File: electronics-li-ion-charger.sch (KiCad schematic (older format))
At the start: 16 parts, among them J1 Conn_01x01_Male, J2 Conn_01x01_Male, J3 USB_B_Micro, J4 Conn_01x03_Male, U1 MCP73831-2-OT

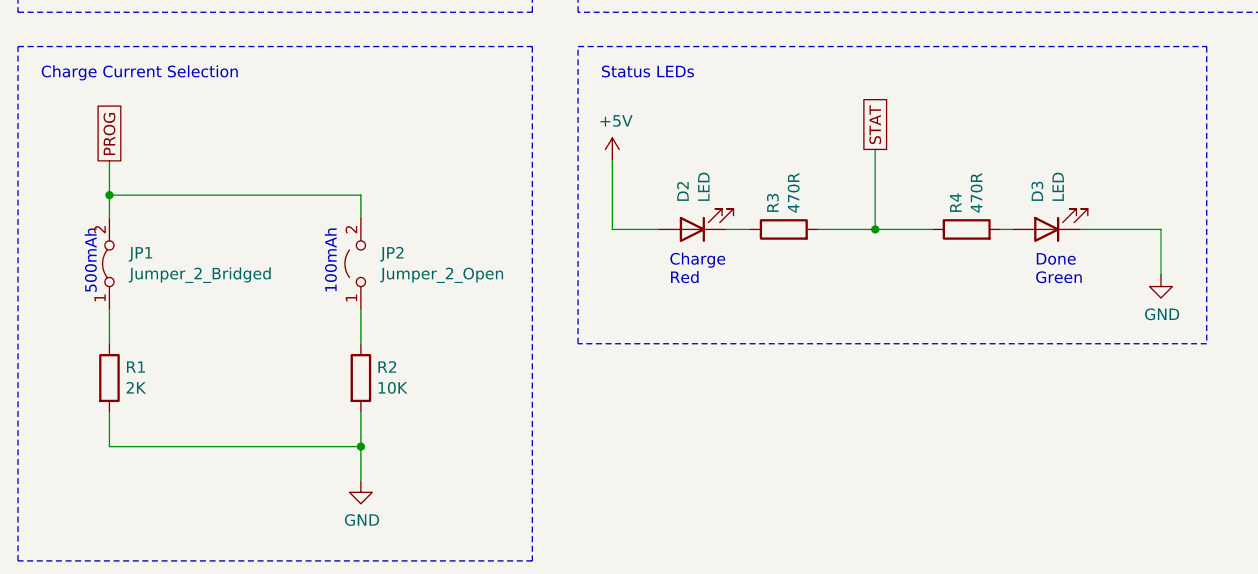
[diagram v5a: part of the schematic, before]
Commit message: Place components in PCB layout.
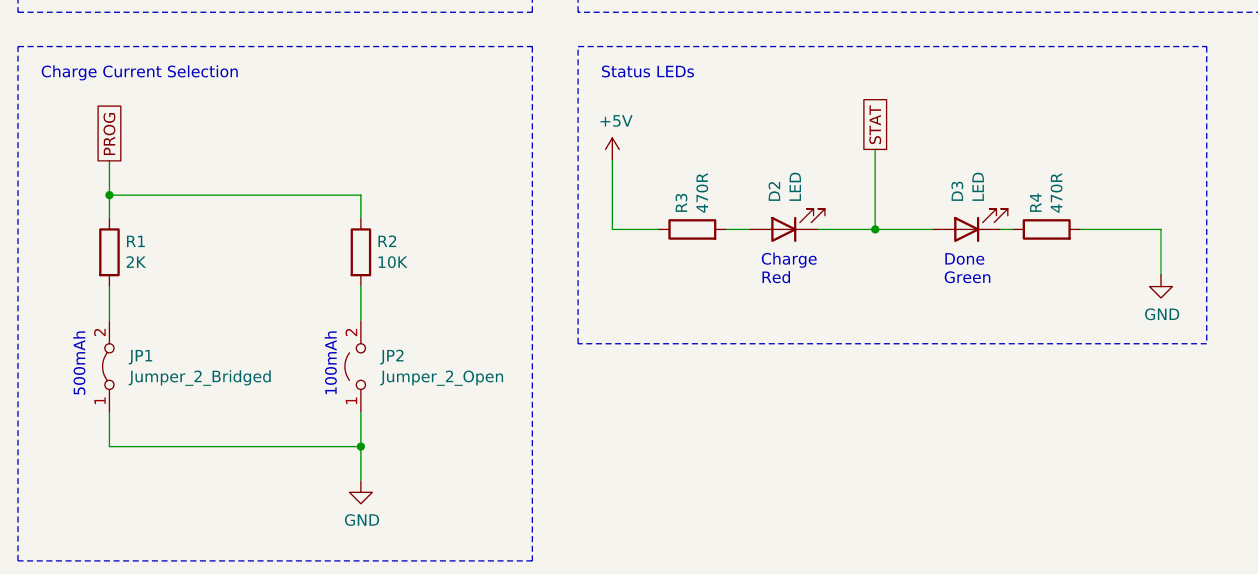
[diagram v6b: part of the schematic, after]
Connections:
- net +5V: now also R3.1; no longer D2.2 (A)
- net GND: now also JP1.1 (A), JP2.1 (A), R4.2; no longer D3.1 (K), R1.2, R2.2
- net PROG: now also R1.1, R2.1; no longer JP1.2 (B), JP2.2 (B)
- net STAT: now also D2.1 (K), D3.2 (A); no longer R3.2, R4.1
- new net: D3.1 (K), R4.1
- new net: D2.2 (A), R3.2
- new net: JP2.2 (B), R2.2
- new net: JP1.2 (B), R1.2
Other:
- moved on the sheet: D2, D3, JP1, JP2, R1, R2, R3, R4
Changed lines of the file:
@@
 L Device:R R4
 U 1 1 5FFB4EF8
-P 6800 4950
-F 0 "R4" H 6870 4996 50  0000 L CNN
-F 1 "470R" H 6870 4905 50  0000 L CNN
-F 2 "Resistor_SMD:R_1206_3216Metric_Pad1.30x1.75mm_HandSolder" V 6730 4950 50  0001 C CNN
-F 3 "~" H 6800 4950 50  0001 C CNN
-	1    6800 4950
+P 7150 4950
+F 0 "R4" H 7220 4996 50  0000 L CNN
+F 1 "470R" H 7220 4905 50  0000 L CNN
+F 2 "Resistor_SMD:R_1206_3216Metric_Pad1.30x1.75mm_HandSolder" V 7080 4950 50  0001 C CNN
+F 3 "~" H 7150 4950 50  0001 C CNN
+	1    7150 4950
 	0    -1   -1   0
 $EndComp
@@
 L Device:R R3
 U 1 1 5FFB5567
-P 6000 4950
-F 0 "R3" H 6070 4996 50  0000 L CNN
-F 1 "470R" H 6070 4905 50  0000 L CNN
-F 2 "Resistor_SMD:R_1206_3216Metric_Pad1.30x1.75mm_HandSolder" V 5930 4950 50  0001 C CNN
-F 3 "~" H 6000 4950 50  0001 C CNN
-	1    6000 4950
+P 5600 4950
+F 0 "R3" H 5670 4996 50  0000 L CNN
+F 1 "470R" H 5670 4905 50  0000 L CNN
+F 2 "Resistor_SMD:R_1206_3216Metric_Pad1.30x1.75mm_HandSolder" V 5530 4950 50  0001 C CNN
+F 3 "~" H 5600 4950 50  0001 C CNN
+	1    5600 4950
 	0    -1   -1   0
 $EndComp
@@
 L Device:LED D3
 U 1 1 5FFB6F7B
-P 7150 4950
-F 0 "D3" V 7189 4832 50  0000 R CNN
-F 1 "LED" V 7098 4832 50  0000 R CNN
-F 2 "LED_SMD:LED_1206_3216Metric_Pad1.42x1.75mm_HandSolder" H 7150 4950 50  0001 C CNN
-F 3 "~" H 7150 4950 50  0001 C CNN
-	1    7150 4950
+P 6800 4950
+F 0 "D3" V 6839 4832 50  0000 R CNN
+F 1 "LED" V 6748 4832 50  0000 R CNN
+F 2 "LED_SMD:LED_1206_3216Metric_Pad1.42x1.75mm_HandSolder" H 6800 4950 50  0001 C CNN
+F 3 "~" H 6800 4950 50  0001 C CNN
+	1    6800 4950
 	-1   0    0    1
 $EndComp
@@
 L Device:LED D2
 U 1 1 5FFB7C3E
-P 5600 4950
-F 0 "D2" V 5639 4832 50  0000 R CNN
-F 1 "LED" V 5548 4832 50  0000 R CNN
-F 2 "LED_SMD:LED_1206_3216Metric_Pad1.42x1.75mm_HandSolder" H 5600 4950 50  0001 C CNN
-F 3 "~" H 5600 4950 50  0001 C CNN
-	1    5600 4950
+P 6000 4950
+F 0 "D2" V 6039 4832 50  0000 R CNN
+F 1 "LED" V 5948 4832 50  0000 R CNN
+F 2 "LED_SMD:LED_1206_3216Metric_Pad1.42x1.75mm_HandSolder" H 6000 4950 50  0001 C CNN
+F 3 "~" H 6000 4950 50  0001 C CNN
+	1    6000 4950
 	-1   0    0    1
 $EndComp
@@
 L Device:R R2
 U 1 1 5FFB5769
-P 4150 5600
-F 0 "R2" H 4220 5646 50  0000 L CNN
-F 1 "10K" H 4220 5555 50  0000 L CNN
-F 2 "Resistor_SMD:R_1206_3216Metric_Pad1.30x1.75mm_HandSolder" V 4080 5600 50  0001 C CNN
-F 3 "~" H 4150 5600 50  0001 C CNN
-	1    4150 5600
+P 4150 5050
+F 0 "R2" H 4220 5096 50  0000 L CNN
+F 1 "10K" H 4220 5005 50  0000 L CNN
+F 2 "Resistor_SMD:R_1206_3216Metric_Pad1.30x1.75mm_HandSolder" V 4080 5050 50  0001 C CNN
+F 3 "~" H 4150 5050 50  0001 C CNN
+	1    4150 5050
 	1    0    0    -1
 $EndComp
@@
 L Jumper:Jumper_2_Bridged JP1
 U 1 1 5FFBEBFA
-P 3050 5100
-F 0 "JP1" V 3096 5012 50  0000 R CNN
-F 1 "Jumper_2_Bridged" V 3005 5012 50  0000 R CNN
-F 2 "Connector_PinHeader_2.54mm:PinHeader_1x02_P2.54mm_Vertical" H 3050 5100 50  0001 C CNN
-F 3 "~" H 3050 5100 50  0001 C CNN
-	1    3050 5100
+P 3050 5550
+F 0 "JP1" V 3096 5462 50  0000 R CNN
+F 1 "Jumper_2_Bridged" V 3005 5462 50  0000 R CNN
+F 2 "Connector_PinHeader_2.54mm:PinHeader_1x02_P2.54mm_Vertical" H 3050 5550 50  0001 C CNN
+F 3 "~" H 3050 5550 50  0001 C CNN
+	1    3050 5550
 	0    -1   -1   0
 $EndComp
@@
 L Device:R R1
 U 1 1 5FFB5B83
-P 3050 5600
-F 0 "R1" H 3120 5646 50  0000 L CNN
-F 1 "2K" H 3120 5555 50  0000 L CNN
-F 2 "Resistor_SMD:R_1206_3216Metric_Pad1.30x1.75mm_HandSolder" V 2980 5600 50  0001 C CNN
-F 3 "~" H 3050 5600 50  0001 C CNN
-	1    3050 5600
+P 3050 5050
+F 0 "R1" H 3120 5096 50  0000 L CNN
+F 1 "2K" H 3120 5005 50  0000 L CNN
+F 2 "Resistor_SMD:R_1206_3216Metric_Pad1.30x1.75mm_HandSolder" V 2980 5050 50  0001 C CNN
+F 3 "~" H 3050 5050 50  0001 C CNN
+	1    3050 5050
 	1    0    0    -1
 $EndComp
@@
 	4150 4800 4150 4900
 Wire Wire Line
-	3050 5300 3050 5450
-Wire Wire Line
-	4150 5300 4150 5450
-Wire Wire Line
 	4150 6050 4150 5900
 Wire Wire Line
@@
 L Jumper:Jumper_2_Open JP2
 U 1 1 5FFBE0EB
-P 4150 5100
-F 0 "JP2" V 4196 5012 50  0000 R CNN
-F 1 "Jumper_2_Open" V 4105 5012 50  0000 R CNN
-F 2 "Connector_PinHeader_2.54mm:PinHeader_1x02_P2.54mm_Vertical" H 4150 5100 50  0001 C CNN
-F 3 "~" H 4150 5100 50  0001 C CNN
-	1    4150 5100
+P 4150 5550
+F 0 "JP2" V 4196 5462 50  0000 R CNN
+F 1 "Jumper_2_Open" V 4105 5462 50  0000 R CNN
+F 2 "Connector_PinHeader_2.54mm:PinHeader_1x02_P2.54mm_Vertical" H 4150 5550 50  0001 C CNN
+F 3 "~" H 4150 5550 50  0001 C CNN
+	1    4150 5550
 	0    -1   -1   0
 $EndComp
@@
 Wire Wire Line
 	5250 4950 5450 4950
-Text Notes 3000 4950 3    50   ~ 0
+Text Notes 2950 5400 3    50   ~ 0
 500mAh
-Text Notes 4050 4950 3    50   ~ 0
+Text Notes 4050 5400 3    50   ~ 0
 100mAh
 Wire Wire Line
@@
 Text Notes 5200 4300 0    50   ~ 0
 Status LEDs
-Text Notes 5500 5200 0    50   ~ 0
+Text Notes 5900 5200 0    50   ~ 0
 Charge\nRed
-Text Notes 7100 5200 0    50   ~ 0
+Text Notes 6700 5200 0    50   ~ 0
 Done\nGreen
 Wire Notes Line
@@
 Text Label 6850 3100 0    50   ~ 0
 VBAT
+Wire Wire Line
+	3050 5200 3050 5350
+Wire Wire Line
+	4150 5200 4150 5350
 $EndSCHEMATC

────────────────────

◆ WHAT THE TASK REQUIRES:
Take the lines above starting at the one containing "Commit message: Place" and ending at the one containing "-P 6000 4950", and print them again exactly, without pictures.

◆ TASK ANSWER:
Commit message: Place components in PCB layout.
[diagram v6b: part of the schematic, after]
Connections:
- net +5V: now also R3.1; no longer D2.2 (A)
- net GND: now also JP1.1 (A), JP2.1 (A), R4.2; no longer D3.1 (K), R1.2, R2.2
- net PROG: now also R1.1, R2.1; no longer JP1.2 (B), JP2.2 (B)
- net STAT: now also D2.1 (K), D3.2 (A); no longer R3.2, R4.1
- new net: D3.1 (K), R4.1
- new net: D2.2 (A), R3.2
- new net: JP2.2 (B), R2.2
- new net: JP1.2 (B), R1.2
Other:
- moved on the sheet: D2, D3, JP1, JP2, R1, R2, R3, R4
Changed lines of the file:
@@
 L Device:R R4
 U 1 1 5FFB4EF8
-P 6800 4950
-F 0 "R4" H 6870 4996 50  0000 L CNN
-F 1 "470R" H 6870 4905 50  0000 L CNN
-F 2 "Resistor_SMD:R_1206_3216Metric_Pad1.30x1.75mm_HandSolder" V 6730 4950 50  0001 C CNN
-F 3 "~" H 6800 4950 50  0001 C CNN
-	1    6800 4950
+P 7150 4950
+F 0 "R4" H 7220 4996 50  0000 L CNN
+F 1 "470R" H 7220 4905 50  0000 L CNN
+F 2 "Resistor_SMD:R_1206_3216Metric_Pad1.30x1.75mm_HandSolder" V 7080 4950 50  0001 C CNN
+F 3 "~" H 7150 4950 50  0001 C CNN
+	1    7150 4950
 	0    -1   -1   0
 $EndComp
@@
 L Device:R R3
 U 1 1 5FFB5567
-P 6000 4950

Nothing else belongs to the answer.